Grenada is to be represented by a two-member delegation at this week’s official funeral of Nelson Mandela, the first Black President of the Republic of South Africa.
Heading the delegation will be deputy Prime Minister, Elvin Nimrod with the other member being trade unionist, Chester Humphrey, the President-General of the Technical & Allied Workers Union (TAWU).
Prime Minister Dr. Keith Mitchell made the disclosure to journalists attending Sunday night’s annual awards ceremony of the Media Workers Association of Grenada (MWAG).
The inclusion of Humphrey in the Grenada delegation raised eyebrows in certain quarters in the country.
An official of the main opposition National Democratic Congress (NDC) sees the selection as Humphrey as a reward by the ruling New National Party (NNP) for the role played by the trade unionist and a group of other Congress rebels in the internal feuding that affected the Tillman Thomas-led government and contributed to its humiliating 15-0 defeat at the polls in February.
Nimrod and Humphrey flew out of the Maurice Bishop International Airport (MBIA) on Sunday night for Trinidad and Tobago to board a Caribbean Airlines flight, chartered by the Government in Port-of-Spain for the journey into Pretoria.
The two will join several Caribbean Community (CARICOM) leaders who left the region on Monday for South Africa to attend the funeral of the anti-apartheid icon.
Before flying out of Port-of-Spain, the country’s Prime Minister Kamla Persad-Bissessar said the regional leaders will not use the traditional route to fly into South Africa due to the weather pattern in Europe.
She said the route will take them into Brazil and then fly straight into South Africa in order to facilitate easier access due to time constraints.
“If we had passed through the UK, we would have had further constraints. We will fly to Rio De Janeiro (Brazil) to refuel and then pursue over the Atlantic to come back”, she said.

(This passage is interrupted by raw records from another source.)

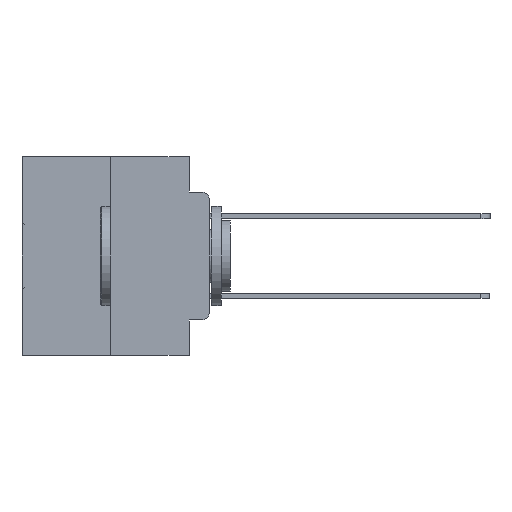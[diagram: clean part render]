
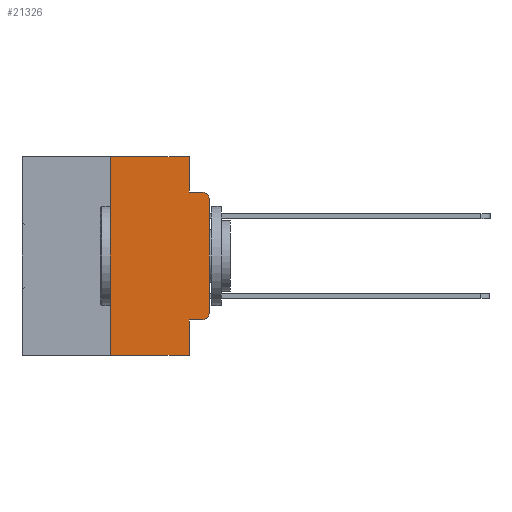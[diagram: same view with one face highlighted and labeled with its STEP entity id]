
A CAD part, left-side view. The second image highlights one B-rep face of the part: STEP entity #21326.
In plain terms, the highlighted planar face has unit normal (-1, 0, 0).
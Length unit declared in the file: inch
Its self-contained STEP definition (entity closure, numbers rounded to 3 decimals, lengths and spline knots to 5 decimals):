
#274 = CIRCLE ( 'NONE', #586, 0.02 ) ;
#320 = EDGE_CURVE ( 'NONE', #26843, #28672, #11637, .T. ) ;
#383 = CARTESIAN_POINT ( 'NONE',  ( 0., 0.25, -0.5 ) ) ;
#426 = CARTESIAN_POINT ( 'NONE',  ( 0., 0.473, 0. ) ) ;
#586 = AXIS2_PLACEMENT_3D ( 'NONE', #21708, #5839, #24340 ) ;
#1472 = EDGE_CURVE ( 'NONE', #28672, #29294, #24270, .T. ) ;
#2302 = ORIENTED_EDGE ( 'NONE', *, *, #13815, .T. ) ;
#2310 = VERTEX_POINT ( 'NONE', #27879 ) ;
#2503 = DIRECTION ( 'NONE',  ( -1., 0., 0. ) ) ;
#3062 = CARTESIAN_POINT ( 'NONE',  ( 0., 0.051, -0.0885 ) ) ;
#3222 = DIRECTION ( 'NONE',  ( 1., 0., 0. ) ) ;
#3974 = ORIENTED_EDGE ( 'NONE', *, *, #30312, .T. ) ;
#4216 = EDGE_CURVE ( 'NONE', #28076, #21913, #15075, .T. ) ;
#5199 = VERTEX_POINT ( 'NONE', #13055 ) ;
#5821 = CARTESIAN_POINT ( 'NONE',  ( 0., 0.473, 0. ) ) ;
#5839 = DIRECTION ( 'NONE',  ( -1., 0., 0. ) ) ;
#6555 = CARTESIAN_POINT ( 'NONE',  ( 0., 0.25, 0. ) ) ;
#6865 = LINE ( 'NONE', #26337, #20076 ) ;
#7214 = VECTOR ( 'NONE', #28561, 39.37008 ) ;
#7844 = ORIENTED_EDGE ( 'NONE', *, *, #23663, .T. ) ;
#8578 = DIRECTION ( 'NONE',  ( 0., -1., 0. ) ) ;
#8695 = DIRECTION ( 'NONE',  ( 0., 0., -1. ) ) ;
#8813 = CARTESIAN_POINT ( 'NONE',  ( 0., 0.051, 0. ) ) ;
#9390 = DIRECTION ( 'NONE',  ( 0., 0., 1. ) ) ;
#11126 = EDGE_CURVE ( 'NONE', #11817, #14987, #6865, .T. ) ;
#11637 = LINE ( 'NONE', #426, #31752 ) ;
#11817 = VERTEX_POINT ( 'NONE', #31722 ) ;
#12081 = VECTOR ( 'NONE', #9390, 39.37008 ) ;
#12420 = DIRECTION ( 'NONE',  ( 0., -1., 0. ) ) ;
#12855 = DIRECTION ( 'NONE',  ( 0., 0., -1. ) ) ;
#12875 = VECTOR ( 'NONE', #12420, 39.37008 ) ;
#13055 = CARTESIAN_POINT ( 'NONE',  ( 0., 0.02, -0.0885 ) ) ;
#13702 = LINE ( 'NONE', #15044, #12875 ) ;
#13766 = PLANE ( 'NONE',  #17465 ) ;
#13815 = EDGE_CURVE ( 'NONE', #25273, #2310, #19028, .T. ) ;
#14987 = VERTEX_POINT ( 'NONE', #29861 ) ;
#15044 = CARTESIAN_POINT ( 'NONE',  ( 0., 0.051, -0.0885 ) ) ;
#15075 = LINE ( 'NONE', #21738, #7214 ) ;
#15243 = ORIENTED_EDGE ( 'NONE', *, *, #30493, .F. ) ;
#17465 = AXIS2_PLACEMENT_3D ( 'NONE', #5821, #3222, #21796 ) ;
#18430 = CARTESIAN_POINT ( 'NONE',  ( 0., 0.02, -0.3915 ) ) ;
#19028 = LINE ( 'NONE', #30398, #12081 ) ;
#19232 = CARTESIAN_POINT ( 'NONE',  ( 0., 0., -0.3915 ) ) ;
#19358 = ORIENTED_EDGE ( 'NONE', *, *, #19928, .F. ) ;
#19640 = VECTOR ( 'NONE', #12855, 39.37008 ) ;
#19928 = EDGE_CURVE ( 'NONE', #11817, #21913, #25804, .T. ) ;
#20076 = VECTOR ( 'NONE', #23735, 39.37008 ) ;
#20419 = CARTESIAN_POINT ( 'NONE',  ( 0., 0.25, 0. ) ) ;
#21082 = DIRECTION ( 'NONE',  ( 0., 0., -1. ) ) ;
#21326 = ADVANCED_FACE ( 'NONE', ( #24892 ), #13766, .F. ) ;
#21708 = CARTESIAN_POINT ( 'NONE',  ( 0., 0.02, -0.1085 ) ) ;
#21738 = CARTESIAN_POINT ( 'NONE',  ( 0., 0.473, -0.5 ) ) ;
#21796 = DIRECTION ( 'NONE',  ( 0., 0., -1. ) ) ;
#21913 = VERTEX_POINT ( 'NONE', #29917 ) ;
#22811 = EDGE_CURVE ( 'NONE', #29294, #5199, #13702, .T. ) ;
#23663 = EDGE_CURVE ( 'NONE', #14987, #25273, #28428, .T. ) ;
#23735 = DIRECTION ( 'NONE',  ( 0., -1., 0. ) ) ;
#24270 = LINE ( 'NONE', #8813, #32079 ) ;
#24340 = DIRECTION ( 'NONE',  ( 0., 0., -1. ) ) ;
#24892 = FACE_OUTER_BOUND ( 'NONE', #33409, .T. ) ;
#25273 = VERTEX_POINT ( 'NONE', #19232 ) ;
#25804 = LINE ( 'NONE', #28577, #19640 ) ;
#25918 = ORIENTED_EDGE ( 'NONE', *, *, #1472, .F. ) ;
#26337 = CARTESIAN_POINT ( 'NONE',  ( 0., 0.051, -0.4115 ) ) ;
#26843 = VERTEX_POINT ( 'NONE', #20419 ) ;
#27879 = CARTESIAN_POINT ( 'NONE',  ( 0., 0., -0.1085 ) ) ;
#28076 = VERTEX_POINT ( 'NONE', #383 ) ;
#28428 = CIRCLE ( 'NONE', #32238, 0.02 ) ;
#28561 = DIRECTION ( 'NONE',  ( 0., -1., 0. ) ) ;
#28577 = CARTESIAN_POINT ( 'NONE',  ( 0., 0.051, 0. ) ) ;
#28672 = VERTEX_POINT ( 'NONE', #31884 ) ;
#28808 = VECTOR ( 'NONE', #32922, 39.37008 ) ;
#29294 = VERTEX_POINT ( 'NONE', #3062 ) ;
#29636 = LINE ( 'NONE', #6555, #28808 ) ;
#29861 = CARTESIAN_POINT ( 'NONE',  ( 0., 0.02, -0.4115 ) ) ;
#29917 = CARTESIAN_POINT ( 'NONE',  ( 0., 0.051, -0.5 ) ) ;
#30312 = EDGE_CURVE ( 'NONE', #2310, #5199, #274, .T. ) ;
#30398 = CARTESIAN_POINT ( 'NONE',  ( 0., 0., 0. ) ) ;
#30493 = EDGE_CURVE ( 'NONE', #28076, #26843, #29636, .T. ) ;
#31722 = CARTESIAN_POINT ( 'NONE',  ( 0., 0.051, -0.4115 ) ) ;
#31752 = VECTOR ( 'NONE', #8578, 39.37008 ) ;
#31884 = CARTESIAN_POINT ( 'NONE',  ( 0., 0.051, 0. ) ) ;
#32079 = VECTOR ( 'NONE', #8695, 39.37008 ) ;
#32091 = ORIENTED_EDGE ( 'NONE', *, *, #22811, .F. ) ;
#32238 = AXIS2_PLACEMENT_3D ( 'NONE', #18430, #2503, #21082 ) ;
#32512 = ORIENTED_EDGE ( 'NONE', *, *, #4216, .T. ) ;
#32922 = DIRECTION ( 'NONE',  ( 0., 0., 1. ) ) ;
#33409 = EDGE_LOOP ( 'NONE', ( #2302, #3974, #32091, #25918, #33698, #15243, #32512, #19358, #34101, #7844 ) ) ;
#33698 = ORIENTED_EDGE ( 'NONE', *, *, #320, .F. ) ;
#34101 = ORIENTED_EDGE ( 'NONE', *, *, #11126, .T. ) ;

Asked about the cost of the trip, the TNT Prime Minister said: “Not at this point in time we are having it worked out. In terms of the commitment, we have to honour the great work of Mandela. The cost will not be exorbitant. I have nothing to hide. It would have cost more to fly so many of us down to South Africa.” Mandela, 95, died last Thursday, following a prolonged illness. He will be buried on Sunday, December 15.
CARICOM chairman and Prime Minister of Trinidad and Tobago, Kamla Persad Bissessar, as well as her Jamaican counterpart, Portia Simpson-Miller are expected in Johannesburg in time for the funeral.
President Donald Ramotar of Guyana and Bahamas Prime Minister Perry Christie are also attending the meeting.
A Bahamas government statement said that the delegation will first travel to Trinidad where it will “join other CARICOM Heads of Government for the direct flight to Johannesburg via private charter courtesy of the government of Trinidad and Tobago”.
The statement said that Nassau had played a prominent role in the release of Mandela after 27 years in jail for his fight to overthrow the apartheid system.
“Once released from prison, Mr Mandela came almost immediately to visit The Bahamas to personally thank former Prime Minister Sir Lynden Pindling for his leadership in securing the release. In fact, Mr Mandela made two trips to the Bahamas,” the statement said, noting that “Sir Lynden Pindling was chairman of Commonwealth Heads of Government Meeting in 1985 which issued the “Nassau Accords” that led to Mr Mandela’s release.
“As a result of this close relationship, Thabo Mbeki, who succeeded Mandela as the second president of a democratic South Africa, made an official state visit to The Bahamas during his tenure as president in 2002, the statement said.